Chesnaye Nicholas C, Tripepi Giovanni, Dekker Friedo W, Zoccali Carmine, Zwinderman Aeilko H, Jager Kitty J
Department of Medical Informatics, ERA-EDTA Registry, Amsterdam University Medical Center, University of Amsterdam, Amsterdam Public Health Research Institute, Amsterdam, The Netherlands.
Research Unit of Epidemiology and Physiopathology of Renal Diseases and Hypertension, CNR-IFC of Reggio Calabria, Reggio Calabria, Italy.
Clin Kidney J. 2020 Apr 8;13(2):143-149. doi: 10.1093/ckj/sfaa024. eCollection 2020 Apr.

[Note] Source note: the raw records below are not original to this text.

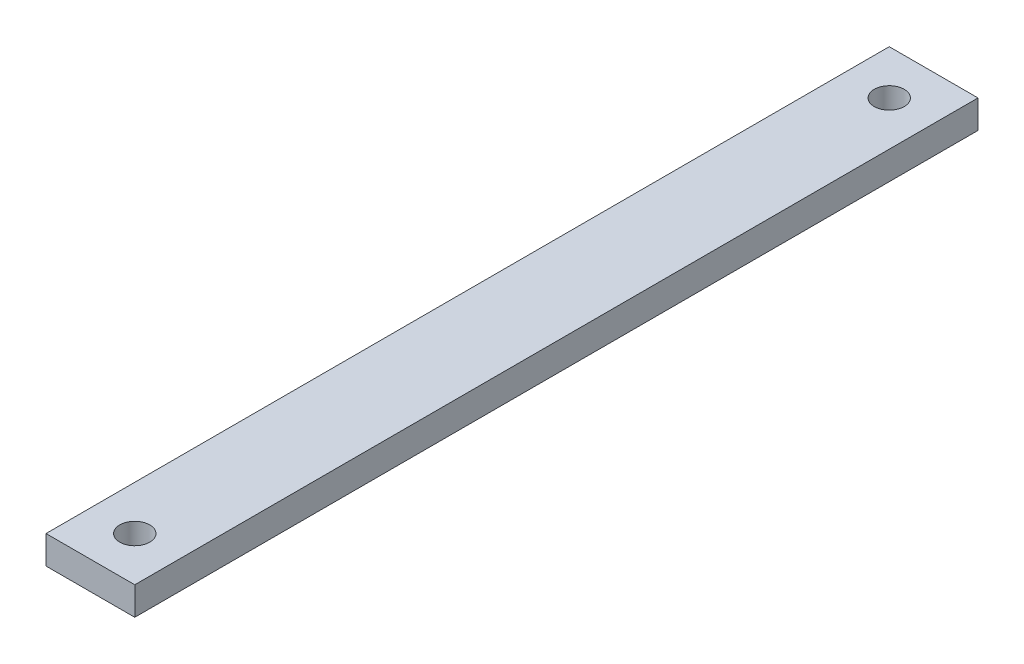
ISO-10303-21;
HEADER;
FILE_DESCRIPTION(('STEP AP214'),'2;1');
FILE_NAME('part.step','',(''),(''),'','','');
FILE_SCHEMA(('AUTOMOTIVE_DESIGN { 1 0 10303 214 1 1 1 1 }'));
ENDSEC;
DATA;
#1=APPLICATION_CONTEXT('core data for automotive mechanical design processes');
#2=APPLICATION_PROTOCOL_DEFINITION('international standard','automotive_design',2000,#1);
#3=PRODUCT_CONTEXT('',#1,'mechanical');
#4=PRODUCT('Part','Part','',(#3));
#5=PRODUCT_RELATED_PRODUCT_CATEGORY('part','',(#4));
#6=PRODUCT_DEFINITION_FORMATION('','',#4);
#7=PRODUCT_DEFINITION_CONTEXT('part definition',#1,'design');
#8=PRODUCT_DEFINITION('design','',#6,#7);
#9=PRODUCT_DEFINITION_SHAPE('','',#8);
#10=(LENGTH_UNIT() NAMED_UNIT(*) SI_UNIT(.MILLI.,.METRE.));
#11=(NAMED_UNIT(*) PLANE_ANGLE_UNIT() SI_UNIT($,.RADIAN.));
#12=(NAMED_UNIT(*) SI_UNIT($,.STERADIAN.) SOLID_ANGLE_UNIT());
#13=UNCERTAINTY_MEASURE_WITH_UNIT(LENGTH_MEASURE(1.E-05),#10,'distance_accuracy_value','');
#14=(GEOMETRIC_REPRESENTATION_CONTEXT(3) GLOBAL_UNCERTAINTY_ASSIGNED_CONTEXT((#13)) GLOBAL_UNIT_ASSIGNED_CONTEXT((#10,
#11,#12)) REPRESENTATION_CONTEXT('',''));
#15=CARTESIAN_POINT('',(0.,0.,0.));
#16=DIRECTION('',(0.,0.,1.));
#17=DIRECTION('',(1.,0.,0.));
#18=AXIS2_PLACEMENT_3D('',#15,#16,#17);
#19=CARTESIAN_POINT('',(0.,6.35,0.));
#20=DIRECTION('',(0.,1.,0.));
#21=DIRECTION('',(0.,0.,1.));
#22=AXIS2_PLACEMENT_3D('',#19,#20,#21);
#23=PLANE('',#22);
#24=CARTESIAN_POINT('',(10.,6.35,-9.99999999999998));
#25=DIRECTION('',(0.,1.,0.));
#26=DIRECTION('',(0.,0.,1.));
#27=AXIS2_PLACEMENT_3D('',#24,#25,#26);
#28=CIRCLE('',#27,3.38);
#29=CARTESIAN_POINT('',(10.,6.35,-6.61999999999998));
#30=VERTEX_POINT('',#29);
#31=EDGE_CURVE('E110',#30,#30,#28,.T.);
#32=ORIENTED_EDGE('',*,*,#31,.F.);
#33=EDGE_LOOP('',(#32));
#34=FACE_BOUND('',#33,.T.);
#35=DIRECTION('',(0.,0.,1.));
#36=VECTOR('',#35,1.);
#37=CARTESIAN_POINT('',(0.,6.35,-190.));
#38=LINE('',#37,#36);
#39=CARTESIAN_POINT('',(0.,6.35,-190.));
#40=VERTEX_POINT('',#39);
#41=CARTESIAN_POINT('',(0.,6.35,0.));
#42=VERTEX_POINT('',#41);
#43=EDGE_CURVE('E95',#40,#42,#38,.T.);
#44=ORIENTED_EDGE('',*,*,#43,.T.);
#45=DIRECTION('',(1.,0.,0.));
#46=VECTOR('',#45,1.);
#47=CARTESIAN_POINT('',(0.,6.35,0.));
#48=LINE('',#47,#46);
#49=CARTESIAN_POINT('',(20.,6.35,0.));
#50=VERTEX_POINT('',#49);
#51=EDGE_CURVE('E90',#42,#50,#48,.T.);
#52=ORIENTED_EDGE('',*,*,#51,.T.);
#53=DIRECTION('',(0.,0.,-1.));
#54=VECTOR('',#53,1.);
#55=CARTESIAN_POINT('',(20.,6.35,-190.));
#56=LINE('',#55,#54);
#57=CARTESIAN_POINT('',(20.,6.35,-190.));
#58=VERTEX_POINT('',#57);
#59=EDGE_CURVE('E93',#50,#58,#56,.T.);
#60=ORIENTED_EDGE('',*,*,#59,.T.);
#61=DIRECTION('',(-1.,0.,0.));
#62=VECTOR('',#61,1.);
#63=CARTESIAN_POINT('',(0.,6.35,-190.));
#64=LINE('',#63,#62);
#65=EDGE_CURVE('E60',#58,#40,#64,.T.);
#66=ORIENTED_EDGE('',*,*,#65,.T.);
#67=EDGE_LOOP('',(#44,#52,#60,#66));
#68=FACE_BOUND('',#67,.T.);
#69=CARTESIAN_POINT('',(10.,6.35,-180.));
#70=DIRECTION('',(0.,1.,0.));
#71=DIRECTION('',(0.,0.,1.));
#72=AXIS2_PLACEMENT_3D('',#69,#70,#71);
#73=CIRCLE('',#72,3.38000000000001);
#74=CARTESIAN_POINT('',(10.,6.35,-176.62));
#75=VERTEX_POINT('',#74);
#76=EDGE_CURVE('E125',#75,#75,#73,.T.);
#77=ORIENTED_EDGE('',*,*,#76,.F.);
#78=EDGE_LOOP('',(#77));
#79=FACE_BOUND('',#78,.T.);
#80=ADVANCED_FACE('F43',(#34,#68,#79),#23,.T.);
#81=CARTESIAN_POINT('',(0.,0.,0.));
#82=DIRECTION('',(0.,1.,0.));
#83=DIRECTION('',(0.,0.,1.));
#84=AXIS2_PLACEMENT_3D('',#81,#82,#83);
#85=PLANE('',#84);
#86=DIRECTION('',(0.,0.,1.));
#87=VECTOR('',#86,1.);
#88=CARTESIAN_POINT('',(0.,0.,-190.));
#89=LINE('',#88,#87);
#90=CARTESIAN_POINT('',(0.,0.,-190.));
#91=VERTEX_POINT('',#90);
#92=CARTESIAN_POINT('',(0.,0.,0.));
#93=VERTEX_POINT('',#92);
#94=EDGE_CURVE('E107',#91,#93,#89,.T.);
#95=ORIENTED_EDGE('',*,*,#94,.F.);
#96=DIRECTION('',(-1.,0.,0.));
#97=VECTOR('',#96,1.);
#98=CARTESIAN_POINT('',(0.,0.,-190.));
#99=LINE('',#98,#97);
#100=CARTESIAN_POINT('',(20.,0.,-190.));
#101=VERTEX_POINT('',#100);
#102=EDGE_CURVE('E83',#101,#91,#99,.T.);
#103=ORIENTED_EDGE('',*,*,#102,.F.);
#104=DIRECTION('',(0.,0.,-1.));
#105=VECTOR('',#104,1.);
#106=CARTESIAN_POINT('',(20.,0.,-190.));
#107=LINE('',#106,#105);
#108=CARTESIAN_POINT('',(20.,0.,0.));
#109=VERTEX_POINT('',#108);
#110=EDGE_CURVE('E77',#109,#101,#107,.T.);
#111=ORIENTED_EDGE('',*,*,#110,.F.);
#112=DIRECTION('',(1.,0.,0.));
#113=VECTOR('',#112,1.);
#114=CARTESIAN_POINT('',(0.,0.,0.));
#115=LINE('',#114,#113);
#116=EDGE_CURVE('E99',#93,#109,#115,.T.);
#117=ORIENTED_EDGE('',*,*,#116,.F.);
#118=EDGE_LOOP('',(#95,#103,#111,#117));
#119=FACE_BOUND('',#118,.T.);
#120=CARTESIAN_POINT('',(10.,0.,-9.99999999999998));
#121=DIRECTION('',(0.,1.,0.));
#122=DIRECTION('',(0.,0.,1.));
#123=AXIS2_PLACEMENT_3D('',#120,#121,#122);
#124=CIRCLE('',#123,3.38);
#125=CARTESIAN_POINT('',(10.,0.,-6.61999999999998));
#126=VERTEX_POINT('',#125);
#127=EDGE_CURVE('E122',#126,#126,#124,.T.);
#128=ORIENTED_EDGE('',*,*,#127,.T.);
#129=EDGE_LOOP('',(#128));
#130=FACE_BOUND('',#129,.T.);
#131=CARTESIAN_POINT('',(10.,0.,-180.));
#132=DIRECTION('',(0.,1.,0.));
#133=DIRECTION('',(0.,0.,1.));
#134=AXIS2_PLACEMENT_3D('',#131,#132,#133);
#135=CIRCLE('',#134,3.38000000000001);
#136=CARTESIAN_POINT('',(10.,0.,-176.62));
#137=VERTEX_POINT('',#136);
#138=EDGE_CURVE('E128',#137,#137,#135,.T.);
#139=ORIENTED_EDGE('',*,*,#138,.T.);
#140=EDGE_LOOP('',(#139));
#141=FACE_BOUND('',#140,.T.);
#142=ADVANCED_FACE('F118',(#119,#130,#141),#85,.F.);
#143=CARTESIAN_POINT('',(0.,6.35,-190.));
#144=DIRECTION('',(1.,0.,0.));
#145=DIRECTION('',(0.,0.,-1.));
#146=AXIS2_PLACEMENT_3D('',#143,#144,#145);
#147=PLANE('',#146);
#148=ORIENTED_EDGE('',*,*,#94,.T.);
#149=DIRECTION('',(0.,-1.,0.));
#150=VECTOR('',#149,1.);
#151=CARTESIAN_POINT('',(0.,6.35,0.));
#152=LINE('',#151,#150);
#153=EDGE_CURVE('E11',#42,#93,#152,.T.);
#154=ORIENTED_EDGE('',*,*,#153,.F.);
#155=ORIENTED_EDGE('',*,*,#43,.F.);
#156=DIRECTION('',(0.,-1.,0.));
#157=VECTOR('',#156,1.);
#158=CARTESIAN_POINT('',(0.,6.35,-190.));
#159=LINE('',#158,#157);
#160=EDGE_CURVE('E103',#40,#91,#159,.T.);
#161=ORIENTED_EDGE('',*,*,#160,.T.);
#162=EDGE_LOOP('',(#148,#154,#155,#161));
#163=FACE_BOUND('',#162,.T.);
#164=ADVANCED_FACE('F45',(#163),#147,.F.);
#165=CARTESIAN_POINT('',(0.,6.35,0.));
#166=DIRECTION('',(0.,0.,-1.));
#167=DIRECTION('',(-1.,0.,0.));
#168=AXIS2_PLACEMENT_3D('',#165,#166,#167);
#169=PLANE('',#168);
#170=ORIENTED_EDGE('',*,*,#116,.T.);
#171=DIRECTION('',(0.,-1.,0.));
#172=VECTOR('',#171,1.);
#173=CARTESIAN_POINT('',(20.,6.35,0.));
#174=LINE('',#173,#172);
#175=EDGE_CURVE('E52',#50,#109,#174,.T.);
#176=ORIENTED_EDGE('',*,*,#175,.F.);
#177=ORIENTED_EDGE('',*,*,#51,.F.);
#178=ORIENTED_EDGE('',*,*,#153,.T.);
#179=EDGE_LOOP('',(#170,#176,#177,#178));
#180=FACE_BOUND('',#179,.T.);
#181=ADVANCED_FACE('F98',(#180),#169,.F.);
#182=CARTESIAN_POINT('',(20.,6.35,-190.));
#183=DIRECTION('',(-1.,0.,0.));
#184=DIRECTION('',(0.,0.,1.));
#185=AXIS2_PLACEMENT_3D('',#182,#183,#184);
#186=PLANE('',#185);
#187=ORIENTED_EDGE('',*,*,#110,.T.);
#188=DIRECTION('',(0.,-1.,0.));
#189=VECTOR('',#188,1.);
#190=CARTESIAN_POINT('',(20.,6.35,-190.));
#191=LINE('',#190,#189);
#192=EDGE_CURVE('E100',#58,#101,#191,.T.);
#193=ORIENTED_EDGE('',*,*,#192,.F.);
#194=ORIENTED_EDGE('',*,*,#59,.F.);
#195=ORIENTED_EDGE('',*,*,#175,.T.);
#196=EDGE_LOOP('',(#187,#193,#194,#195));
#197=FACE_BOUND('',#196,.T.);
#198=ADVANCED_FACE('F101',(#197),#186,.F.);
#199=CARTESIAN_POINT('',(0.,6.35,-190.));
#200=DIRECTION('',(0.,0.,1.));
#201=DIRECTION('',(1.,0.,0.));
#202=AXIS2_PLACEMENT_3D('',#199,#200,#201);
#203=PLANE('',#202);
#204=ORIENTED_EDGE('',*,*,#102,.T.);
#205=ORIENTED_EDGE('',*,*,#160,.F.);
#206=ORIENTED_EDGE('',*,*,#65,.F.);
#207=ORIENTED_EDGE('',*,*,#192,.T.);
#208=EDGE_LOOP('',(#204,#205,#206,#207));
#209=FACE_BOUND('',#208,.T.);
#210=ADVANCED_FACE('F115',(#209),#203,.F.);
#211=CARTESIAN_POINT('',(10.,6.35,-9.99999999999998));
#212=DIRECTION('',(0.,-1.,0.));
#213=DIRECTION('',(0.,0.,-1.));
#214=AXIS2_PLACEMENT_3D('',#211,#212,#213);
#215=CYLINDRICAL_SURFACE('',#214,3.38);
#216=ORIENTED_EDGE('',*,*,#31,.T.);
#217=EDGE_LOOP('',(#216));
#218=FACE_BOUND('',#217,.T.);
#219=ORIENTED_EDGE('',*,*,#127,.F.);
#220=EDGE_LOOP('',(#219));
#221=FACE_BOUND('',#220,.T.);
#222=ADVANCED_FACE('F145',(#218,#221),#215,.F.);
#223=CARTESIAN_POINT('',(10.,6.35,-180.));
#224=DIRECTION('',(0.,-1.,0.));
#225=DIRECTION('',(0.,0.,-1.));
#226=AXIS2_PLACEMENT_3D('',#223,#224,#225);
#227=CYLINDRICAL_SURFACE('',#226,3.38000000000001);
#228=ORIENTED_EDGE('',*,*,#76,.T.);
#229=EDGE_LOOP('',(#228));
#230=FACE_BOUND('',#229,.T.);
#231=ORIENTED_EDGE('',*,*,#138,.F.);
#232=EDGE_LOOP('',(#231));
#233=FACE_BOUND('',#232,.T.);
#234=ADVANCED_FACE('F134',(#230,#233),#227,.F.);
#235=CLOSED_SHELL('',(#80,#142,#164,#181,#198,#210,#222,#234));
#236=MANIFOLD_SOLID_BREP('B2',#235);
#237=ADVANCED_BREP_SHAPE_REPRESENTATION('',(#18,#236),#14);
#238=SHAPE_DEFINITION_REPRESENTATION(#9,#237);
ENDSEC;
END-ISO-10303-21;

In nephrology, a great deal of information is measured repeatedly in patients over time, often alongside data on events of clinical interest. In this introductory article we discuss how these two types of data can be simultaneously analysed using the joint model (JM) framework, illustrated by clinical examples from nephrology. As classical survival analysis and linear mixed models form the two main components of the JM framework, we will also briefly revisit these techniques.
在肾脏病学中,随着时间推移,会对患者反复测量大量信息,这些信息通常与临床关注事件的数据一起获取。在这篇介绍性文章中,我们将讨论如何使用联合模型(JM)框架同时分析这两类数据,并通过肾脏病学的临床实例进行说明。由于经典生存分析和线性混合模型构成了JM框架的两个主要组成部分,我们还将简要回顾这些技术。